**Input for this task:**
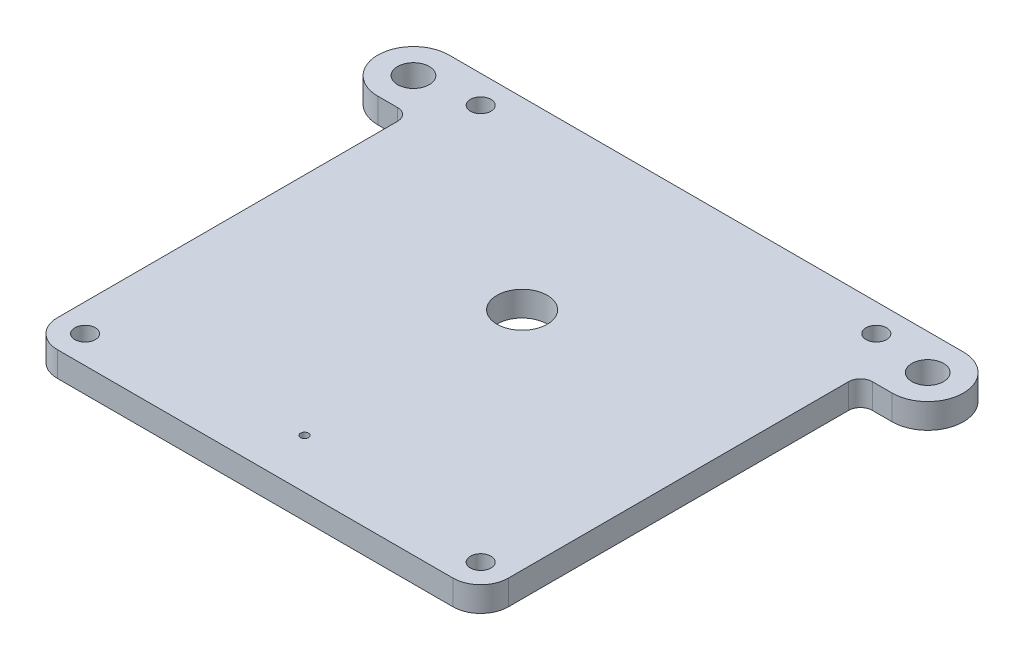
ISO-10303-21;
HEADER;
FILE_DESCRIPTION(('STEP AP214'),'2;1');
FILE_NAME('part.step','',(''),(''),'','','');
FILE_SCHEMA(('AUTOMOTIVE_DESIGN { 1 0 10303 214 1 1 1 1 }'));
ENDSEC;
DATA;
#1=APPLICATION_CONTEXT('core data for automotive mechanical design processes');
#2=APPLICATION_PROTOCOL_DEFINITION('international standard','automotive_design',2000,#1);
#3=PRODUCT_CONTEXT('',#1,'mechanical');
#4=PRODUCT('Part','Part','',(#3));
#5=PRODUCT_RELATED_PRODUCT_CATEGORY('part','',(#4));
#6=PRODUCT_DEFINITION_FORMATION('','',#4);
#7=PRODUCT_DEFINITION_CONTEXT('part definition',#1,'design');
#8=PRODUCT_DEFINITION('design','',#6,#7);
#9=PRODUCT_DEFINITION_SHAPE('','',#8);
#10=(LENGTH_UNIT() NAMED_UNIT(*) SI_UNIT(.MILLI.,.METRE.));
#11=(NAMED_UNIT(*) PLANE_ANGLE_UNIT() SI_UNIT($,.RADIAN.));
#12=(NAMED_UNIT(*) SI_UNIT($,.STERADIAN.) SOLID_ANGLE_UNIT());
#13=UNCERTAINTY_MEASURE_WITH_UNIT(LENGTH_MEASURE(1.E-05),#10,'distance_accuracy_value','');
#14=(GEOMETRIC_REPRESENTATION_CONTEXT(3) GLOBAL_UNCERTAINTY_ASSIGNED_CONTEXT((#13)) GLOBAL_UNIT_ASSIGNED_CONTEXT((#10,
#11,#12)) REPRESENTATION_CONTEXT('',''));
#15=CARTESIAN_POINT('',(0.,0.,0.));
#16=DIRECTION('',(0.,0.,1.));
#17=DIRECTION('',(1.,0.,0.));
#18=AXIS2_PLACEMENT_3D('',#15,#16,#17);
#19=CARTESIAN_POINT('',(65.,6.3,9.));
#20=DIRECTION('',(0.,-1.,0.));
#21=DIRECTION('',(0.,0.,-1.));
#22=AXIS2_PLACEMENT_3D('',#19,#20,#21);
#23=PLANE('',#22);
#24=CARTESIAN_POINT('',(65.,6.3,9.));
#25=DIRECTION('',(0.,1.,0.));
#26=DIRECTION('',(0.,0.,-1.));
#27=AXIS2_PLACEMENT_3D('',#24,#25,#26);
#28=CIRCLE('',#27,9.);
#29=CARTESIAN_POINT('',(65.,6.3,18.));
#30=VERTEX_POINT('',#29);
#31=CARTESIAN_POINT('',(65.,6.3,0.));
#32=VERTEX_POINT('',#31);
#33=EDGE_CURVE('E202',#30,#32,#28,.T.);
#34=ORIENTED_EDGE('',*,*,#33,.T.);
#35=DIRECTION('',(-1.,0.,0.));
#36=VECTOR('',#35,1.);
#37=CARTESIAN_POINT('',(-65.,6.3,0.));
#38=LINE('',#37,#36);
#39=CARTESIAN_POINT('',(-65.,6.3,0.));
#40=VERTEX_POINT('',#39);
#41=EDGE_CURVE('E114',#32,#40,#38,.T.);
#42=ORIENTED_EDGE('',*,*,#41,.T.);
#43=CARTESIAN_POINT('',(-65.,6.3,9.00000000000002));
#44=DIRECTION('',(0.,1.,0.));
#45=DIRECTION('',(0.,0.,1.));
#46=AXIS2_PLACEMENT_3D('',#43,#44,#45);
#47=CIRCLE('',#46,9.);
#48=CARTESIAN_POINT('',(-65.,6.3,18.));
#49=VERTEX_POINT('',#48);
#50=EDGE_CURVE('E239',#40,#49,#47,.T.);
#51=ORIENTED_EDGE('',*,*,#50,.T.);
#52=DIRECTION('',(1.,0.,0.));
#53=VECTOR('',#52,1.);
#54=CARTESIAN_POINT('',(-65.,6.3,18.));
#55=LINE('',#54,#53);
#56=CARTESIAN_POINT('',(-60.,6.3,18.));
#57=VERTEX_POINT('',#56);
#58=EDGE_CURVE('E259',#49,#57,#55,.T.);
#59=ORIENTED_EDGE('',*,*,#58,.T.);
#60=CARTESIAN_POINT('',(-60.,6.3,21.));
#61=DIRECTION('',(0.,-1.,0.));
#62=DIRECTION('',(0.,0.,-1.));
#63=AXIS2_PLACEMENT_3D('',#60,#61,#62);
#64=CIRCLE('',#63,3.);
#65=CARTESIAN_POINT('',(-57.,6.3,21.));
#66=VERTEX_POINT('',#65);
#67=EDGE_CURVE('E255',#57,#66,#64,.T.);
#68=ORIENTED_EDGE('',*,*,#67,.T.);
#69=DIRECTION('',(0.,0.,1.));
#70=VECTOR('',#69,1.);
#71=CARTESIAN_POINT('',(-57.,6.3,21.));
#72=LINE('',#71,#70);
#73=CARTESIAN_POINT('',(-57.,6.3,107.));
#74=VERTEX_POINT('',#73);
#75=EDGE_CURVE('E258',#66,#74,#72,.T.);
#76=ORIENTED_EDGE('',*,*,#75,.T.);
#77=CARTESIAN_POINT('',(-50.,6.3,107.));
#78=DIRECTION('',(0.,1.,0.));
#79=DIRECTION('',(0.,0.,1.));
#80=AXIS2_PLACEMENT_3D('',#77,#78,#79);
#81=CIRCLE('',#80,7.00000000000001);
#82=CARTESIAN_POINT('',(-50.,6.3,114.));
#83=VERTEX_POINT('',#82);
#84=EDGE_CURVE('E263',#74,#83,#81,.T.);
#85=ORIENTED_EDGE('',*,*,#84,.T.);
#86=DIRECTION('',(1.,0.,0.));
#87=VECTOR('',#86,1.);
#88=CARTESIAN_POINT('',(50.,6.3,114.));
#89=LINE('',#88,#87);
#90=CARTESIAN_POINT('',(50.,6.3,114.));
#91=VERTEX_POINT('',#90);
#92=EDGE_CURVE('E270',#83,#91,#89,.T.);
#93=ORIENTED_EDGE('',*,*,#92,.T.);
#94=CARTESIAN_POINT('',(50.,6.3,107.));
#95=DIRECTION('',(0.,1.,0.));
#96=DIRECTION('',(0.,0.,-1.));
#97=AXIS2_PLACEMENT_3D('',#94,#95,#96);
#98=CIRCLE('',#97,7.00000000000001);
#99=CARTESIAN_POINT('',(57.,6.3,107.));
#100=VERTEX_POINT('',#99);
#101=EDGE_CURVE('E145',#91,#100,#98,.T.);
#102=ORIENTED_EDGE('',*,*,#101,.T.);
#103=DIRECTION('',(0.,0.,-1.));
#104=VECTOR('',#103,1.);
#105=CARTESIAN_POINT('',(57.,6.3,21.));
#106=LINE('',#105,#104);
#107=CARTESIAN_POINT('',(57.,6.3,21.));
#108=VERTEX_POINT('',#107);
#109=EDGE_CURVE('E139',#100,#108,#106,.T.);
#110=ORIENTED_EDGE('',*,*,#109,.T.);
#111=CARTESIAN_POINT('',(60.,6.3,21.));
#112=DIRECTION('',(0.,-1.,0.));
#113=DIRECTION('',(0.,0.,1.));
#114=AXIS2_PLACEMENT_3D('',#111,#112,#113);
#115=CIRCLE('',#114,3.);
#116=CARTESIAN_POINT('',(60.,6.3,18.));
#117=VERTEX_POINT('',#116);
#118=EDGE_CURVE('E143',#108,#117,#115,.T.);
#119=ORIENTED_EDGE('',*,*,#118,.T.);
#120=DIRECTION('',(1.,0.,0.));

**Assignment:**
All of the preceding material should be output verbatim, with the pictures excluded.

**Task output:**
ISO-10303-21;
HEADER;
FILE_DESCRIPTION(('STEP AP214'),'2;1');
FILE_NAME('part.step','',(''),(''),'','','');
FILE_SCHEMA(('AUTOMOTIVE_DESIGN { 1 0 10303 214 1 1 1 1 }'));
ENDSEC;
DATA;
#1=APPLICATION_CONTEXT('core data for automotive mechanical design processes');
#2=APPLICATION_PROTOCOL_DEFINITION('international standard','automotive_design',2000,#1);
#3=PRODUCT_CONTEXT('',#1,'mechanical');
#4=PRODUCT('Part','Part','',(#3));
#5=PRODUCT_RELATED_PRODUCT_CATEGORY('part','',(#4));
#6=PRODUCT_DEFINITION_FORMATION('','',#4);
#7=PRODUCT_DEFINITION_CONTEXT('part definition',#1,'design');
#8=PRODUCT_DEFINITION('design','',#6,#7);
#9=PRODUCT_DEFINITION_SHAPE('','',#8);
#10=(LENGTH_UNIT() NAMED_UNIT(*) SI_UNIT(.MILLI.,.METRE.));
#11=(NAMED_UNIT(*) PLANE_ANGLE_UNIT() SI_UNIT($,.RADIAN.));
#12=(NAMED_UNIT(*) SI_UNIT($,.STERADIAN.) SOLID_ANGLE_UNIT());
#13=UNCERTAINTY_MEASURE_WITH_UNIT(LENGTH_MEASURE(1.E-05),#10,'distance_accuracy_value','');
#14=(GEOMETRIC_REPRESENTATION_CONTEXT(3) GLOBAL_UNCERTAINTY_ASSIGNED_CONTEXT((#13)) GLOBAL_UNIT_ASSIGNED_CONTEXT((#10,
#11,#12)) REPRESENTATION_CONTEXT('',''));
#15=CARTESIAN_POINT('',(0.,0.,0.));
#16=DIRECTION('',(0.,0.,1.));
#17=DIRECTION('',(1.,0.,0.));
#18=AXIS2_PLACEMENT_3D('',#15,#16,#17);
#19=CARTESIAN_POINT('',(65.,6.3,9.));
#20=DIRECTION('',(0.,-1.,0.));
#21=DIRECTION('',(0.,0.,-1.));
#22=AXIS2_PLACEMENT_3D('',#19,#20,#21);
#23=PLANE('',#22);
#24=CARTESIAN_POINT('',(65.,6.3,9.));
#25=DIRECTION('',(0.,1.,0.));
#26=DIRECTION('',(0.,0.,-1.));
#27=AXIS2_PLACEMENT_3D('',#24,#25,#26);
#28=CIRCLE('',#27,9.);
#29=CARTESIAN_POINT('',(65.,6.3,18.));
#30=VERTEX_POINT('',#29);
#31=CARTESIAN_POINT('',(65.,6.3,0.));
#32=VERTEX_POINT('',#31);
#33=EDGE_CURVE('E202',#30,#32,#28,.T.);
#34=ORIENTED_EDGE('',*,*,#33,.T.);
#35=DIRECTION('',(-1.,0.,0.));
#36=VECTOR('',#35,1.);
#37=CARTESIAN_POINT('',(-65.,6.3,0.));
#38=LINE('',#37,#36);
#39=CARTESIAN_POINT('',(-65.,6.3,0.));
#40=VERTEX_POINT('',#39);
#41=EDGE_CURVE('E114',#32,#40,#38,.T.);
#42=ORIENTED_EDGE('',*,*,#41,.T.);
#43=CARTESIAN_POINT('',(-65.,6.3,9.00000000000002));
#44=DIRECTION('',(0.,1.,0.));
#45=DIRECTION('',(0.,0.,1.));
#46=AXIS2_PLACEMENT_3D('',#43,#44,#45);
#47=CIRCLE('',#46,9.);
#48=CARTESIAN_POINT('',(-65.,6.3,18.));
#49=VERTEX_POINT('',#48);
#50=EDGE_CURVE('E239',#40,#49,#47,.T.);
#51=ORIENTED_EDGE('',*,*,#50,.T.);
#52=DIRECTION('',(1.,0.,0.));
#53=VECTOR('',#52,1.);
#54=CARTESIAN_POINT('',(-65.,6.3,18.));
#55=LINE('',#54,#53);
#56=CARTESIAN_POINT('',(-60.,6.3,18.));
#57=VERTEX_POINT('',#56);
#58=EDGE_CURVE('E259',#49,#57,#55,.T.);
#59=ORIENTED_EDGE('',*,*,#58,.T.);
#60=CARTESIAN_POINT('',(-60.,6.3,21.));
#61=DIRECTION('',(0.,-1.,0.));
#62=DIRECTION('',(0.,0.,-1.));
#63=AXIS2_PLACEMENT_3D('',#60,#61,#62);
#64=CIRCLE('',#63,3.);
#65=CARTESIAN_POINT('',(-57.,6.3,21.));
#66=VERTEX_POINT('',#65);
#67=EDGE_CURVE('E255',#57,#66,#64,.T.);
#68=ORIENTED_EDGE('',*,*,#67,.T.);
#69=DIRECTION('',(0.,0.,1.));
#70=VECTOR('',#69,1.);
#71=CARTESIAN_POINT('',(-57.,6.3,21.));
#72=LINE('',#71,#70);
#73=CARTESIAN_POINT('',(-57.,6.3,107.));
#74=VERTEX_POINT('',#73);
#75=EDGE_CURVE('E258',#66,#74,#72,.T.);
#76=ORIENTED_EDGE('',*,*,#75,.T.);
#77=CARTESIAN_POINT('',(-50.,6.3,107.));
#78=DIRECTION('',(0.,1.,0.));
#79=DIRECTION('',(0.,0.,1.));
#80=AXIS2_PLACEMENT_3D('',#77,#78,#79);
#81=CIRCLE('',#80,7.00000000000001);
#82=CARTESIAN_POINT('',(-50.,6.3,114.));
#83=VERTEX_POINT('',#82);
#84=EDGE_CURVE('E263',#74,#83,#81,.T.);
#85=ORIENTED_EDGE('',*,*,#84,.T.);
#86=DIRECTION('',(1.,0.,0.));
#87=VECTOR('',#86,1.);
#88=CARTESIAN_POINT('',(50.,6.3,114.));
#89=LINE('',#88,#87);
#90=CARTESIAN_POINT('',(50.,6.3,114.));
#91=VERTEX_POINT('',#90);
#92=EDGE_CURVE('E270',#83,#91,#89,.T.);
#93=ORIENTED_EDGE('',*,*,#92,.T.);
#94=CARTESIAN_POINT('',(50.,6.3,107.));
#95=DIRECTION('',(0.,1.,0.));
#96=DIRECTION('',(0.,0.,-1.));
#97=AXIS2_PLACEMENT_3D('',#94,#95,#96);
#98=CIRCLE('',#97,7.00000000000001);
#99=CARTESIAN_POINT('',(57.,6.3,107.));
#100=VERTEX_POINT('',#99);
#101=EDGE_CURVE('E145',#91,#100,#98,.T.);
#102=ORIENTED_EDGE('',*,*,#101,.T.);
#103=DIRECTION('',(0.,0.,-1.));
#104=VECTOR('',#103,1.);
#105=CARTESIAN_POINT('',(57.,6.3,21.));
#106=LINE('',#105,#104);
#107=CARTESIAN_POINT('',(57.,6.3,21.));
#108=VERTEX_POINT('',#107);
#109=EDGE_CURVE('E139',#100,#108,#106,.T.);
#110=ORIENTED_EDGE('',*,*,#109,.T.);
#111=CARTESIAN_POINT('',(60.,6.3,21.));
#112=DIRECTION('',(0.,-1.,0.));
#113=DIRECTION('',(0.,0.,1.));
#114=AXIS2_PLACEMENT_3D('',#111,#112,#113);
#115=CIRCLE('',#114,3.);
#116=CARTESIAN_POINT('',(60.,6.3,18.));
#117=VERTEX_POINT('',#116);
#118=EDGE_CURVE('E143',#108,#117,#115,.T.);
#119=ORIENTED_EDGE('',*,*,#118,.T.);
#120=DIRECTION('',(1.,0.,0.));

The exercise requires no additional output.